Search the listing for the string "CENTER". Copy every line that has it.

> Task material:
---
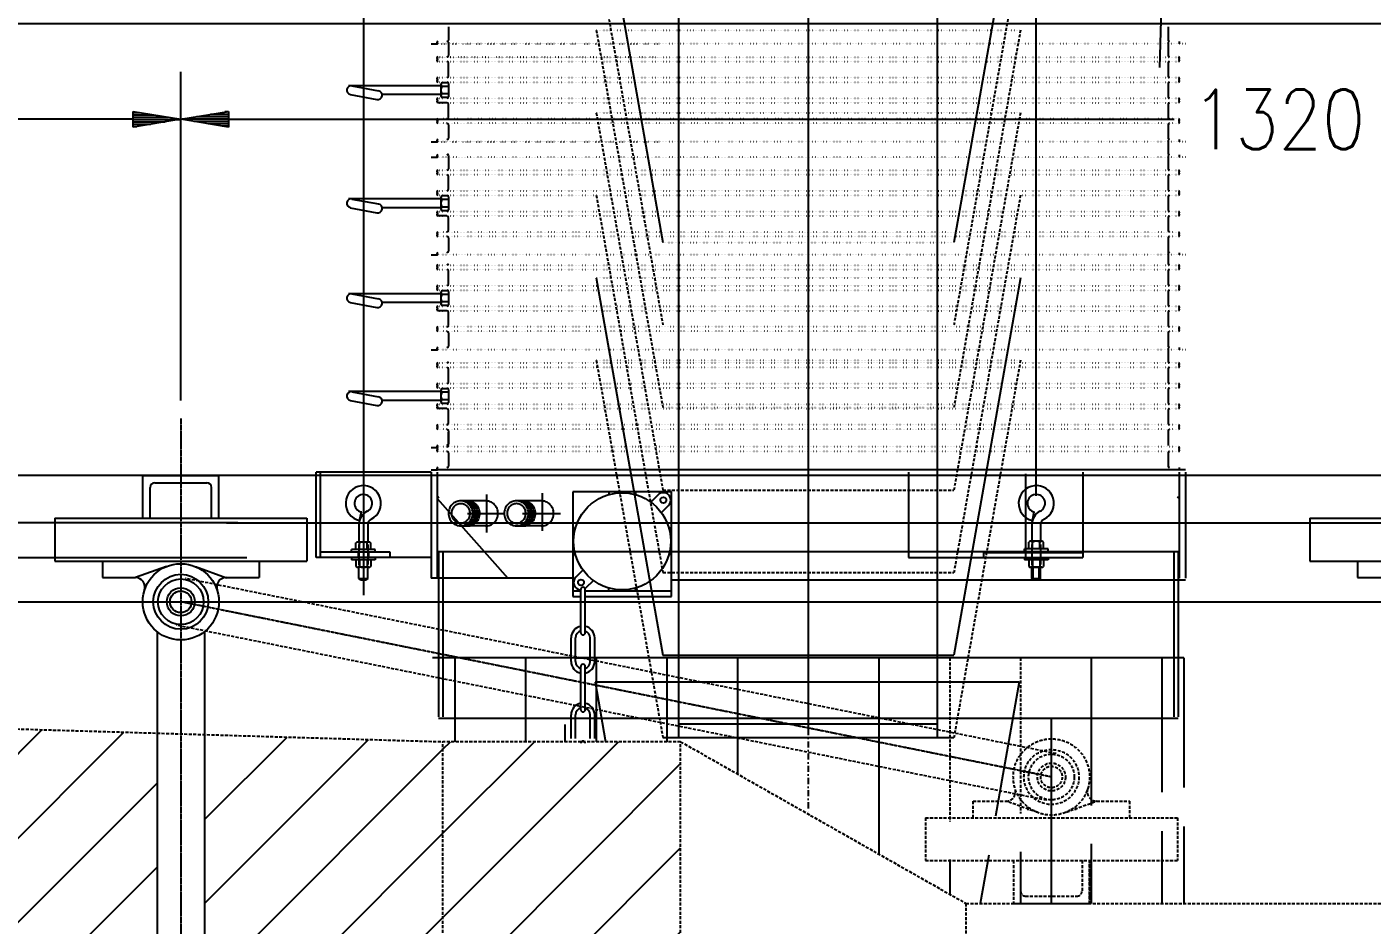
# Model space of a CAD drawing. Extents: x -326402 to 5111156, y -86404 to 1223589.
# Drawn here: x -51320 to -49905, y -33787 to -32842 of the extents above; entities that cross this region are included whole.
import ezdxf

# ---------------------------------------------------------------- set-up
doc = ezdxf.new("R2010")
doc.units = 0
doc.header["$LTSCALE"] = 0.5
doc.header["$MEASUREMENT"] = 0
doc.header["$PDMODE"] = 1
for name, pattern in [('ACAD_ISO07W100', [3, 0, -3]), ('CENTER', [2, 1.25, -0.25, 0.25, -0.25]), ('DASHDOT', [25.4, 12.7, -6.35, 0, -6.35]), ('HIDDEN', [9.525, 6.35, -3.175])]:
    doc.linetypes.add(name, pattern=pattern)
for name, color, linetype in [('27', 7, 'Continuous'), ('47', 7, 'Continuous'), ('52', 1, 'Continuous'), ('BCO', 4, 'Continuous')]:
    doc.layers.add(name, color=color, linetype=linetype)
doc.styles.add('ROMANS', font='ROMANS.shx', dxfattribs={"width": 0.85})
doc.dimstyles.new('dimescala 25', dxfattribs={"dimscale": 0, "dimtxt": 62.5, "dimasz": 50, "dimexe": 50, "dimexo": 1, "dimgap": 20, "dimtad": 0, "dimtih": 1, "dimtoh": 1, "dimdec": 0, "dimlfac": -1, "dimzin": 4, "dimdsep": 46, "dimtxsty": 'ROMANS', "dimblk": 'PRCLFILL', "dimcen": 0, "dimclrd": 1, "dimclre": 1, "dimclrt": 1, "dimadec": 4, "dimazin": 3, "dimtfac": 1, "dimtdec": 0, "dimtofl": 0, "dimtmove": 0, "dimatfit": 3, "dimldrblk": 'PRCLFILL', "dimfxl": 0, "dimtolj": 1, "dimtzin": 4, "dimarcsym": 0})
pattern_1 = [(45, (599723.583, -141279.92), (-44.194174, 44.194174), [])]

# ---------------------------------------------------------------- blocks, each defined once
blk = doc.blocks.new('VV')
at = {"layer": 'BCO', "color": 1, "linetype": 'CENTER'}
for p, q in [((-40, 59.7), (-40, -1246.8)), ((-62.5, 0), (-17.5, 0)), ((-163.5, -132.9), (143.8, -132.9)), ((-62.5, -1199.8), (-17.5, -1199.8))]:
    blk.add_line(p, q, dxfattribs=at)
at = {"layer": 'BCO', "color": 7, "linetype": 'Continuous'}
for p, q in [((-80, -45), (-80, 0)), ((0, -45), (0, 0)), ((-80, 0), (0, 0)), ((-72.3, -45), (-72.3, -12.7)), ((-67.3, -7.7), (-12.7, -7.7)), ((-62.5, 0), (-17.5, 0)), ((-7.7, -45), (-7.7, -12.7)), ((-172.5, -45), (92.5, -45)), ((-172.5, -45), (-172.5, -90)), ((92.5, -45), (92.5, -90)), ((-172.5, -90), (92.5, -90)), ((-122.5, -90), (-122.5, -107.5)), ((-55.1, -95.7), (-87.7, -107.5)), ((-24.5, -95.9), (8.2, -107.7)), ((42.5, -90), (42.5, -107.5)), ((-122.5, -107.5), (-87.7, -107.5)), ((7.7, -107.5), (42.5, -107.5)), ((-65, -164.3), (-65, -1035.5)), ((-15, -164.3), (-15, -1035.5)), ((-122.5, -1092.3), (-87.7, -1092.3)), ((-122.5, -1109.8), (-122.5, -1092.3)), ((-55.1, -1104.1), (-87.7, -1092.3)), ((-65, -1098.3), (-65, -1101.9)), ((-24.5, -1103.9), (8.2, -1092.1)), ((-15, -1098.3), (-15, -1101.9)), ((7.7, -1092.3), (42.5, -1092.3)), ((42.5, -1109.8), (42.5, -1092.3)), ((-172.5, -1109.8), (92.5, -1109.8)), ((-172.5, -1109.8), (-172.5, -1154.8)), ((92.5, -1109.8), (92.5, -1154.8)), ((-172.5, -1154.8), (92.5, -1154.8)), ((-80, -1154.8), (-80, -1199.8)), ((-72.3, -1154.8), (-72.3, -1187.1)), ((-7.7, -1154.8), (-7.7, -1187.1)), ((0, -1199.8), (0, -1154.8)), ((0, -1154.8), (0, -1199.8)), ((-80, -1199.8), (0, -1199.8)), ((-67.3, -1192.1), (-12.7, -1192.1)), ((-62.5, -1199.8), (-17.5, -1199.8))]:
    blk.add_line(p, q, dxfattribs=at)
for centre, radius in [((-40, -132.9), 40.1), ((-40, -132.9), 28.9), ((-40, -132.9), 24), ((-40, -132.9), 14.7), ((-40, -132.9), 11.3), ((-40, -1066.9), 40.1), ((-40, -1066.9), 28.9), ((-40, -1066.9), 24), ((-40, -1066.9), 14.7), ((-40, -1066.9), 11.3)]:
    blk.add_circle(centre, radius, dxfattribs=at)
for centre, radius, start, end in [((-67.3, -12.7), 5, 90, 180), ((-12.7, -12.7), 5, 0, 90), ((-87.7, -117.5), 10, 342.0983, 90), ((7.7, -117.5), 10, 90, 197.9017), ((-87.7, -1082.3), 10, 270, 17.9017), ((7.7, -1082.3), 10, 162.0983, 270), ((-67.3, -1187.1), 5, 180, 270), ((-12.8, -1187.1), 5, 270, 0)]:
    blk.add_arc(centre, radius, start, end, dxfattribs=at)
blk = doc.blocks.new('PRCLFILL')
at = {"ltscale": 20}
for p, q in [((-1, 0.167), (0, 0)), ((-1, -0.167), (-1, 0.167)), ((0, 0), (-1, -0.167))]:
    blk.add_line(p, q, dxfattribs=at)
at = {"color": 0, "ltscale": 20}
for p, q in [((-1, 0.146), (-0.873, 0.146)), ((-1, 0.096), (-0.573, 0.096)), ((-1, 0.046), (-0.273, 0.046)), ((-1, -0.004), (-0.027, -0.004)), ((-1, -0.054), (-0.327, -0.054)), ((-1, -0.104), (-0.627, -0.104)), ((-1, -0.154), (-0.927, -0.154))]:
    blk.add_line(p, q, dxfattribs=at)
blk = doc.blocks.new('*D50')
at = {"layer": 'BCO', "color": 1, "linetype": 'Continuous', "lineweight": -2}
for p, q in [((-53499.3, -33471.8), (-53499.3, -32788.8)), ((-47077.7, -33473), (-47077.7, -32788.8)), ((-53449.3, -32838.8), (-49669.2, -32838.8)), ((-47127.7, -32838.8), (-49444.5, -32838.8))]:
    blk.add_line(p, q, dxfattribs=at)
at = {"layer": 'Defpoints', "color": 0, "linetype": 'Continuous'}
for p in [(-53499.3, -32838.8), (-53499.3, -33472.8), (-47077.7, -33474)]:
    blk.add_point(p, dxfattribs=at)
at = {"layer": 'BCO', "color": 1, "linetype": 'Continuous', "lineweight": -2, "xscale": 50, "yscale": 50, "zscale": 50, "rotation": 180}
blk.add_blockref('PRCLFILL', (-53499.3, -32838.8), dxfattribs=at)
at = {"layer": 'BCO', "color": 1, "linetype": 'Continuous', "lineweight": -2, "xscale": 50, "yscale": 50, "zscale": 50}
blk.add_blockref('PRCLFILL', (-47077.7, -32838.8), dxfattribs=at)
at = {"layer": 'BCO', "color": 1, "linetype": 'Continuous', "insert": (-49556.8, -32838.8), "char_height": 62.5, "attachment_point": 5, "style": 'ROMANS'}
blk.add_mtext('\\A1;6422', dxfattribs=at)
blk = doc.blocks.new('*D52')
at = {"layer": 'BCO', "color": 1, "linetype": 'Continuous', "lineweight": -2}
for p, q in [((-51157.7, -33235.2), (-51157.7, -32889.6)), ((-49837.7, -33235.2), (-49837.7, -32889.6)), ((-51107.7, -32939.6), (-50112.9, -32939.6)), ((-49887.7, -32939.6), (-49893.3, -32939.6))]:
    blk.add_line(p, q, dxfattribs=at)
at = {"layer": 'Defpoints', "color": 0, "linetype": 'Continuous'}
for p in [(-51157.7, -32939.6), (-51157.7, -33236.2), (-49837.7, -33236.2)]:
    blk.add_point(p, dxfattribs=at)
at = {"layer": 'BCO', "color": 1, "linetype": 'Continuous', "lineweight": -2, "xscale": 50, "yscale": 50, "zscale": 50, "rotation": 180}
blk.add_blockref('PRCLFILL', (-51157.7, -32939.6), dxfattribs=at)
at = {"layer": 'BCO', "color": 1, "linetype": 'Continuous', "lineweight": -2, "xscale": 50, "yscale": 50, "zscale": 50}
blk.add_blockref('PRCLFILL', (-49837.7, -32939.6), dxfattribs=at)
at = {"layer": 'BCO', "color": 1, "linetype": 'Continuous', "insert": (-50003.1, -32939.6), "char_height": 62.5, "attachment_point": 5, "style": 'ROMANS'}
blk.add_mtext('\\A1;1320', dxfattribs=at)
blk = doc.blocks.new('*D53')
at = {"layer": 'BCO', "color": 1, "linetype": 'Continuous', "lineweight": -2}
for p, q in [((-51157.7, -32938.6), (-51157.7, -32889.6)), ((-53499.2, -32940.1), (-53499.2, -32989.6)), ((-53449.2, -32939.6), (-52434.5, -32939.6)), ((-51207.7, -32939.6), (-52222.5, -32939.6))]:
    blk.add_line(p, q, dxfattribs=at)
at = {"layer": 'Defpoints', "color": 0, "linetype": 'Continuous'}
for p in [(-53499.2, -32939.1), (-53499.2, -32939.6), (-51157.7, -32939.6)]:
    blk.add_point(p, dxfattribs=at)
at = {"layer": 'BCO', "color": 1, "linetype": 'Continuous', "lineweight": -2, "xscale": 50, "yscale": 50, "zscale": 50, "rotation": 180}
blk.add_blockref('PRCLFILL', (-53499.2, -32939.6), dxfattribs=at)
at = {"layer": 'BCO', "color": 1, "linetype": 'Continuous', "lineweight": -2, "xscale": 50, "yscale": 50, "zscale": 50}
blk.add_blockref('PRCLFILL', (-51157.7, -32939.6), dxfattribs=at)
at = {"layer": 'BCO', "color": 1, "linetype": 'Continuous', "insert": (-52328.5, -32939.6), "char_height": 62.5, "attachment_point": 5, "style": 'ROMANS'}
blk.add_mtext('\\A1;2341', dxfattribs=at)

msp = doc.modelspace()

# ---------------------------------------------------------------- hatches: boundary and pattern name
at = {"layer": 'BCO', "linetype": 'HIDDEN'}
h = msp.add_hatch(dxfattribs=at)
h.set_pattern_fill('ANSI31', color=8, scale=500, style=0)
h.set_pattern_definition(pattern_1)
h.paths.add_polyline_path([(-52867.8, -33534.3), (-52152.2, -34075.8), (-51182.7, -34104.9), (-51182.7, -33584.9)])
h = msp.add_hatch(dxfattribs=at)
h.set_pattern_fill('ANSI31', color=8, scale=500, style=0)
h.set_pattern_definition(pattern_1)
h.paths.add_polyline_path([(-50882, -33594), (-51132.7, -33586.4), (-51132.7, -34106.4), (-50882, -34114)])
h = msp.add_hatch(dxfattribs=at)
h.set_pattern_fill('ANSI31', color=8, scale=500, style=0)
h.set_pattern_definition(pattern_1)
h.paths.add_polyline_path([(-50632, -33594), (-50882, -33594), (-50882, -34114), (-50632, -34114)])

# ---------------------------------------------------------------- linework, layer by layer
at = {"layer": '27', "color": 8, "linetype": 'ACAD_ISO07W100'}
for p, q in [((-50497.7, -31260.3), (-50497.7, -33321.4)), ((-50720.7, -32845.9), (-50274.6, -32845.9)), ((-50720.7, -32932.7), (-50274.6, -32932.7)), ((-50650.7, -33069.1), (-50344.6, -33069.1)), ((-50720.7, -33106.3), (-50274.6, -33106.3)), ((-50887.1, -33114.5), (-50108.4, -33114.5)), ((-50720.7, -33193), (-50274.6, -33193)), ((-50650.7, -33242.6), (-50344.6, -33242.6))]:
    msp.add_line(p, q, dxfattribs=at)
at = {"layer": '27', "color": 8, "linetype": 'HIDDEN'}
for p, q in [((-50720.7, -32759.1), (-50650.7, -33155.8)), ((-50274.6, -32759.1), (-50344.6, -33155.8)), ((-50274.6, -32759.1), (-50344.6, -33155.8)), ((-50720.7, -32845.9), (-50650.7, -33242.6)), ((-50274.6, -32845.9), (-50344.6, -33242.6)), ((-50720.7, -32932.7), (-50650.7, -33329.4)), ((-50274.6, -32932.7), (-50344.6, -33329.4)), ((-50720.7, -33019.5), (-50650.7, -33416.2)), ((-50274.6, -33019.5), (-50344.6, -33416.2)), ((-50720.7, -33193), (-50650.7, -33589.7)), ((-50274.6, -33193), (-50344.6, -33589.7)), ((-50650.7, -33329.4), (-50344.6, -33329.4)), ((-50650.7, -33416.2), (-50344.6, -33416.2)), ((-50349, -33505.8), (-50349, -33677.7)), ((-50274.6, -33505.8), (-50274.6, -33669.4))]:
    msp.add_line(p, q, dxfattribs=at)
at = {"layer": '27', "color": 6, "linetype": 'CENTER'}
for p, q in [((-50497.7, -32948.2), (-50497.7, -33117.8)), ((-50497.7, -32948.2), (-50497.7, -33117.8)), ((-50497.7, -32954.6), (-50497.7, -33286.9)), ((-50497.7, -32993.9), (-50497.7, -33282.9))]:
    msp.add_line(p, q, dxfattribs=at)
at = {"layer": '27', "color": 6, "linetype": 'Continuous'}
for p, q in [((-50107.2, -33308.2), (-50887.1, -33308.2)), ((-50745.4, -33369.3), (-50742.7, -33369.3)), ((-50745.4, -33397.2), (-50742.7, -33397.2)), ((-50634.4, -33589.6), (-50361.7, -33589.6))]:
    msp.add_line(p, q, dxfattribs=at)
at = {"layer": '47', "color": 8, "linetype": 'Continuous'}
for p, q in [((-50497.7, -32403.3), (-50497.7, -33582.7)), ((-50258, -33335.5), (-50258, -32625.9)), ((-50720.7, -32672.4), (-50650.7, -33069.1)), ((-50274.6, -32672.4), (-50344.6, -33069.1)), ((-50127.9, -32885), (-50124.1, -32752.4)), ((-50965.7, -32788.7), (-50965.7, -33439.8)), ((-50876.2, -32842.4), (-50876.2, -32856.4)), ((-50119.3, -32842.4), (-50119.3, -32856.4)), ((-50894.4, -32860.3), (-50888.2, -32860.3)), ((-50876.2, -32858.6), (-50876.2, -32872.5)), ((-50119.3, -32858.6), (-50119.3, -32872.5)), ((-50107.2, -32860.3), (-50107.2, -32857.9)), ((-50876.2, -32894.2), (-50876.2, -32880.3)), ((-50119.3, -32880.3), (-50119.3, -32894.2)), ((-50884.2, -32904.3), (-50981.2, -32904.3)), ((-50977.7, -32904.4), (-50949.8, -32909.6)), ((-50884.2, -32903.1), (-50884.2, -32914.8)), ((-50876.5, -32901.2), (-50883.3, -32901.2)), ((-50876.2, -32905), (-50883.3, -32905)), ((-50876.2, -32902), (-50876.2, -32915.9)), ((-50119.3, -32902), (-50119.3, -32915.9)), ((-50979.4, -32913.5), (-50951.5, -32918.8)), ((-50884.2, -32913.6), (-50946, -32913.6)), ((-50877.8, -32922.1), (-50887.1, -32922.1)), ((-50876.2, -32912.8), (-50883.3, -32912.8)), ((-50876.5, -32916.7), (-50883.3, -32916.7)), ((-50876.2, -32937.6), (-50876.2, -32923.7)), ((-50119.3, -32923.7), (-50119.3, -32937.6)), ((-50876.2, -32945.4), (-50876.2, -32959.3)), ((-50119.3, -32945.4), (-50119.3, -32959.3)), ((-50894.4, -32963.2), (-50888.2, -32963.2)), ((-50119.3, -32961.4), (-50119.3, -32975.4)), ((-50107.2, -32963.2), (-50107.2, -32960.9)), ((-50876.2, -32977.6), (-50876.2, -32991.5)), ((-50119.3, -32977.6), (-50119.3, -32991.5)), ((-50107.2, -32979.3), (-50107.2, -32976.9)), ((-50894.4, -32979.3), (-50888.2, -32979.3)), ((-50876.2, -33013.2), (-50876.2, -32999.3)), ((-50119.3, -32999.3), (-50119.3, -33013.2)), ((-50876.5, -33020.1), (-50883.3, -33020.1)), ((-50876.2, -33021), (-50876.2, -33034.9)), ((-50119.3, -33021), (-50119.3, -33034.9)), ((-50884.2, -33023.3), (-50981.2, -33023.3)), ((-50979.4, -33032.5), (-50951.5, -33037.8)), ((-50977.7, -33023.4), (-50949.8, -33028.6)), ((-50884.2, -33032.6), (-50946, -33032.6)), ((-50884.2, -33022.1), (-50884.2, -33033.8)), ((-50876.2, -33024), (-50883.3, -33024)), ((-50876.2, -33031.8), (-50883.3, -33031.8)), ((-50877.8, -33041.1), (-50887.1, -33041.1)), ((-50876.5, -33035.7), (-50883.3, -33035.7)), ((-50876.2, -33056.6), (-50876.2, -33042.7)), ((-50119.3, -33042.7), (-50119.3, -33056.6)), ((-50876.2, -33064.3), (-50876.2, -33078.3)), ((-50119.3, -33064.3), (-50119.3, -33078.3)), ((-50119.3, -33077.3), (-50119.3, -33091.2)), ((-50894.4, -33082.2), (-50888.2, -33082.2)), ((-50107.2, -33082.2), (-50107.2, -33079.8)), ((-50876.2, -33112.9), (-50876.2, -33099)), ((-50119.3, -33099), (-50119.3, -33112.9)), ((-50876.5, -33119.8), (-50883.3, -33119.8)), ((-50884.2, -33123), (-50981.2, -33123)), ((-50979.4, -33132.2), (-50951.5, -33137.5)), ((-50977.7, -33123.1), (-50949.8, -33128.3)), ((-50884.2, -33132.3), (-50946, -33132.3)), ((-50884.2, -33121.8), (-50884.2, -33133.5)), ((-50876.2, -33123.7), (-50883.3, -33123.7)), ((-50876.2, -33131.5), (-50883.3, -33131.5)), ((-50876.2, -33120.7), (-50876.2, -33134.6)), ((-50119.3, -33120.7), (-50119.3, -33134.6)), ((-50877.8, -33140.8), (-50887.1, -33140.8)), ((-50876.5, -33135.4), (-50883.3, -33135.4)), ((-50876.2, -33156.3), (-50876.2, -33142.4)), ((-50119.3, -33142.4), (-50119.3, -33156.3)), ((-50876.2, -33164), (-50876.2, -33178)), ((-50119.3, -33164), (-50119.3, -33178)), ((-50894.4, -33181.9), (-50888.2, -33181.9)), ((-50119.3, -33180.2), (-50119.3, -33194.1)), ((-50107.2, -33181.9), (-50107.2, -33179.5)), ((-50876.2, -33215.8), (-50876.2, -33201.9)), ((-50119.3, -33201.9), (-50119.3, -33215.8)), ((-50884.2, -33225.9), (-50981.2, -33225.9)), ((-50977.7, -33226), (-50949.8, -33231.3)), ((-50884.2, -33224.7), (-50884.2, -33236.4)), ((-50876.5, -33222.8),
---
> Written response:
for name, pattern in [('ACAD_ISO07W100', [3, 0, -3]), ('CENTER', [2, 1.25, -0.25, 0.25, -0.25]), ('DASHDOT', [25.4, 12.7, -6.35, 0, -6.35]), ('HIDDEN', [9.525, 6.35, -3.175])]:
at = {"layer": 'BCO', "color": 1, "linetype": 'CENTER'}
at = {"layer": '27', "color": 6, "linetype": 'CENTER'}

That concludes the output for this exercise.